Der Roman ist voller Bandwurm-Gedanken, endlos erscheinende Rechtfertigungen, aber auch kleinen Hoffnungsschimmern, dass am Ende vielleicht, aber auch nur vielleicht, es sich alles zum Guten wenden könnte, denn die Hauptfigur versucht sich selber buchstäblich aus dem Dreck zu ziehen und sein "Leben" in den letzten Stunden des Jahres auf die Reihe zu bekommen. Denn es ist der 31.12., soviel ist noch zu tun, was Lars, 49, die letzten Wochen und Jahre nicht geschafft hat, soll nun glücken, vielleicht, aber auch nur vielleicht, kommt dann ja auch Johanna, seine Lebensgefährtin und Mutter seiner zwei erwachsenen Kinder, wieder zurück. Aufräumen, Bett zusammen bauen, Vater anrufen, Nudelsalat machen, Geschenke einpacken, klingt nach einfach zu erledigen Dingen, doch es sind genauso Mammutaufgaben für Lars wie Dachrinne säubern, mit dem Rauchen aufzuhören und endlich sein Lebenswerk zu schreiben.

Wie oft habe ich den Kopf geschüttelt über den Protagonisten, der statt anzupacken abschweift, aus Mücken Elefanten macht, mit sich debattiert und sich in seine eigene (Komfort)zone zurückzieht.

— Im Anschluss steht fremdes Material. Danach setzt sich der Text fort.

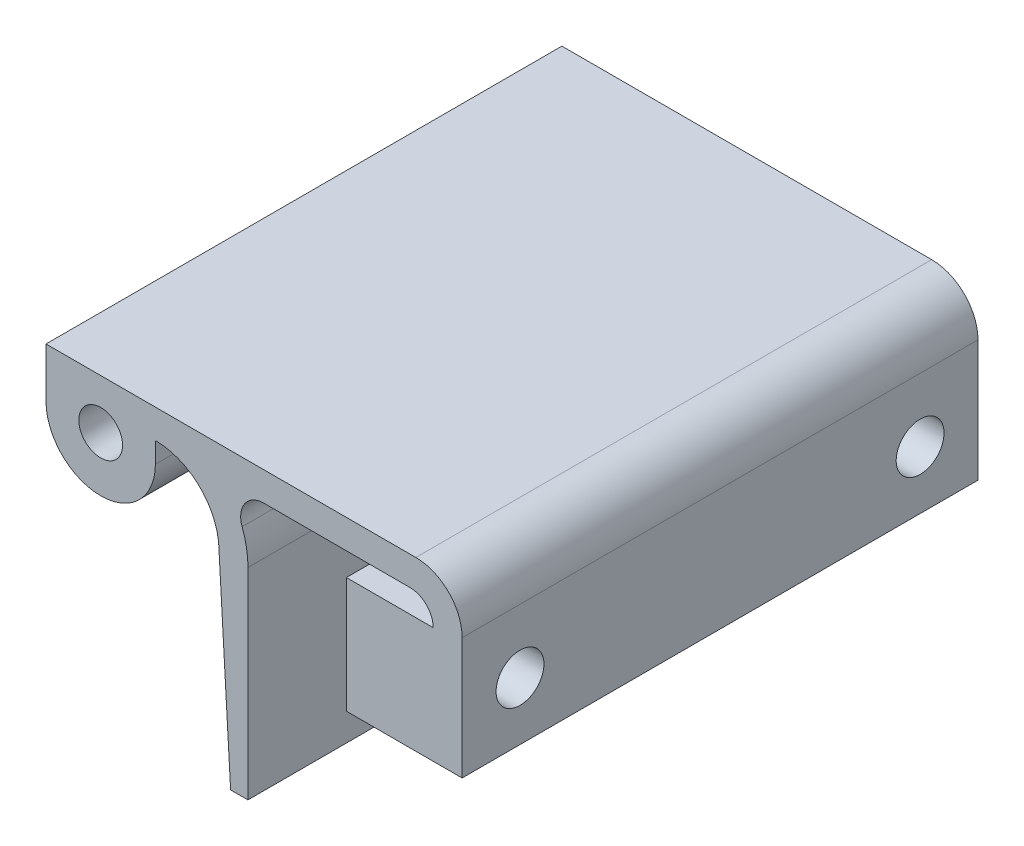
from build123d import *

# Parameters (mm, degrees)
SKETCH1_R           = 2.4
BOSS_EXTRUDE1_DEPTH = 56.59882
SKETCH7_W           = 12.7
SKETCH7_H           = 12.7
BOSS_EXTRUDE3_DEPTH = 12.7
CUT_EXTRUDE2_REACH  = 228.355
SKETCH8_R           = 2.625
FILLET1_R           = 5.08


with BuildPart() as part:
    # Sketch1 → Boss-Extrude1 (new body)
    with BuildSketch(Plane.XY):
        with BuildLine():
            Line((-77.443191063, 182.115759687), (-79.348229949, 182.102566798))
            Line((-79.348229949, 182.102566798), (-80.618191063, 204.196458108))
            ThreePointArc((-80.618191063, 204.196458108), (-82.664050197, 209.135598974), (-87.603191063, 211.181458108))
            Line((-87.603191063, 211.181458108), (-87.603191063, 208.926458108))
            ThreePointArc((-87.603191063, 208.926458108), (-93.603191063, 202.926458108), (-99.603191063, 208.926458108))
            Line((-99.603191063, 208.926458108), (-99.603191063, 214.356458108))
            Line((-99.603191063, 214.356458108), (-90.238191127, 214.356458108))
            Line((-90.238191127, 214.356458108), (-87.603191063, 214.356458108))
            Line((-87.603191063, 214.356458108), (-76.173191063, 214.356458108))
            Line((-76.173191063, 214.356458108), (-53.948191063, 214.356458108))
            Line((-53.948191063, 214.356458108), (-53.948191063, 195.941458108))
            Line((-53.948191063, 195.941458108), (-57.123191063, 195.941458108))
            Line((-57.123191063, 195.941458108), (-57.123191063, 208.641458108))
            ThreePointArc((-57.123191063, 208.641458108), (-57.867139839, 210.437509332), (-59.663191063, 211.181458108))
            Line((-59.663191063, 211.181458108), (-75.706469876, 211.181458108))
            ThreePointArc((-75.706469876, 211.181458108), (-77.79329282, 210.089480898), (-78.085814114, 207.752458108))
            ThreePointArc((-78.085814114, 207.752458108), (-77.605137508, 206.003257791), (-77.443191063, 204.196458108))
            Line((-77.443191063, 204.196458108), (-77.443191063, 182.115759687))
        make_face()
        with Locations((-93.603191063, 208.926458108)):
            Circle(SKETCH1_R, mode=Mode.SUBTRACT)
    extrude(amount=BOSS_EXTRUDE1_DEPTH)

    # Sketch7 → Boss-Extrude3 (add)
    with BuildSketch(Plane(origin=(-53.948191063, 0, 0), x_dir=(0, 0, -1), z_dir=(1, 0, 0))):
        with Locations((-50.24882, 202.291458108)):
            Rectangle(SKETCH7_W, SKETCH7_H)
        with Locations((-6.35, 202.291458108)):
            Rectangle(SKETCH7_W, SKETCH7_H)
    extrude(amount=-BOSS_EXTRUDE3_DEPTH)

    # Sketch8 → Cut-Extrude2 (cut, up to next)
    with BuildSketch(Plane(origin=(-53.948191063, 0, 0), x_dir=(0, 0, -1), z_dir=(1, 0, 0)), mode=Mode.PRIVATE) as cut_extrude2_sk1:
        with Locations((-50.24882, 202.291458108)):
            Circle(SKETCH8_R)
    cut_extrude2_tool1 = extrude(cut_extrude2_sk1.sketch, amount=-CUT_EXTRUDE2_REACH, mode=Mode.PRIVATE) & part.part
    # Sketch8 → Cut-Extrude2 (cut, up to next)
    with BuildSketch(Plane(origin=(-53.948191063, 0, 0), x_dir=(0, 0, -1), z_dir=(1, 0, 0)), mode=Mode.PRIVATE) as cut_extrude2_sk2:
        with Locations((-6.35, 202.291458108)):
            Circle(SKETCH8_R)
    cut_extrude2_tool2 = extrude(cut_extrude2_sk2.sketch, amount=-CUT_EXTRUDE2_REACH, mode=Mode.PRIVATE) & part.part
    add(cut_extrude2_tool1.solids().sort_by_distance((-53.948191, 202.291458, 50.24882))[0], mode=Mode.SUBTRACT)
    add(cut_extrude2_tool2.solids().sort_by_distance((-53.948191, 202.291458, 6.35))[0], mode=Mode.SUBTRACT)

    # Fillet1
    fillet1_edges = [part.edges().sort_by_distance(p)[0] for p in [
        (-53.948191063, 214.356458108, 28.29941),
    ]]
    fillet(fillet1_edges, radius=FILLET1_R)


solid = part.part

Anstrengend auch als Leser, weil man ihn am liebsten am Kragen packen würde oder sinnbildlich in den Hintern treten möchte. Anderseits auch voller Mitleid, weil er es kaum schafft aus seiner Haut zu schlüpfen. Doch der 31.12., der letzte Tag, ist für ihn auch ein persönlicher Ultimo und so setzt er alles dran, in seiner Art, die Liste an Aufgaben, die er sich gesetzt hat, abzuarbeiten. Und er gerät immer mehr in Schwung, jeder Haken auf seiner Liste ein triumphaler Erfolg für ihn.

Ein ungewöhnlicher, intensiver, anstrengender, tragik-komischer Roman mit philosophischen Gedanken "über die Sehnsucht nach Sinn. Über die Liebe, den Tod und die Steuerklärung. Und darüber, wie unendlich schwer es ist, sich nicht einfach wieder aufs Sofa zu legen."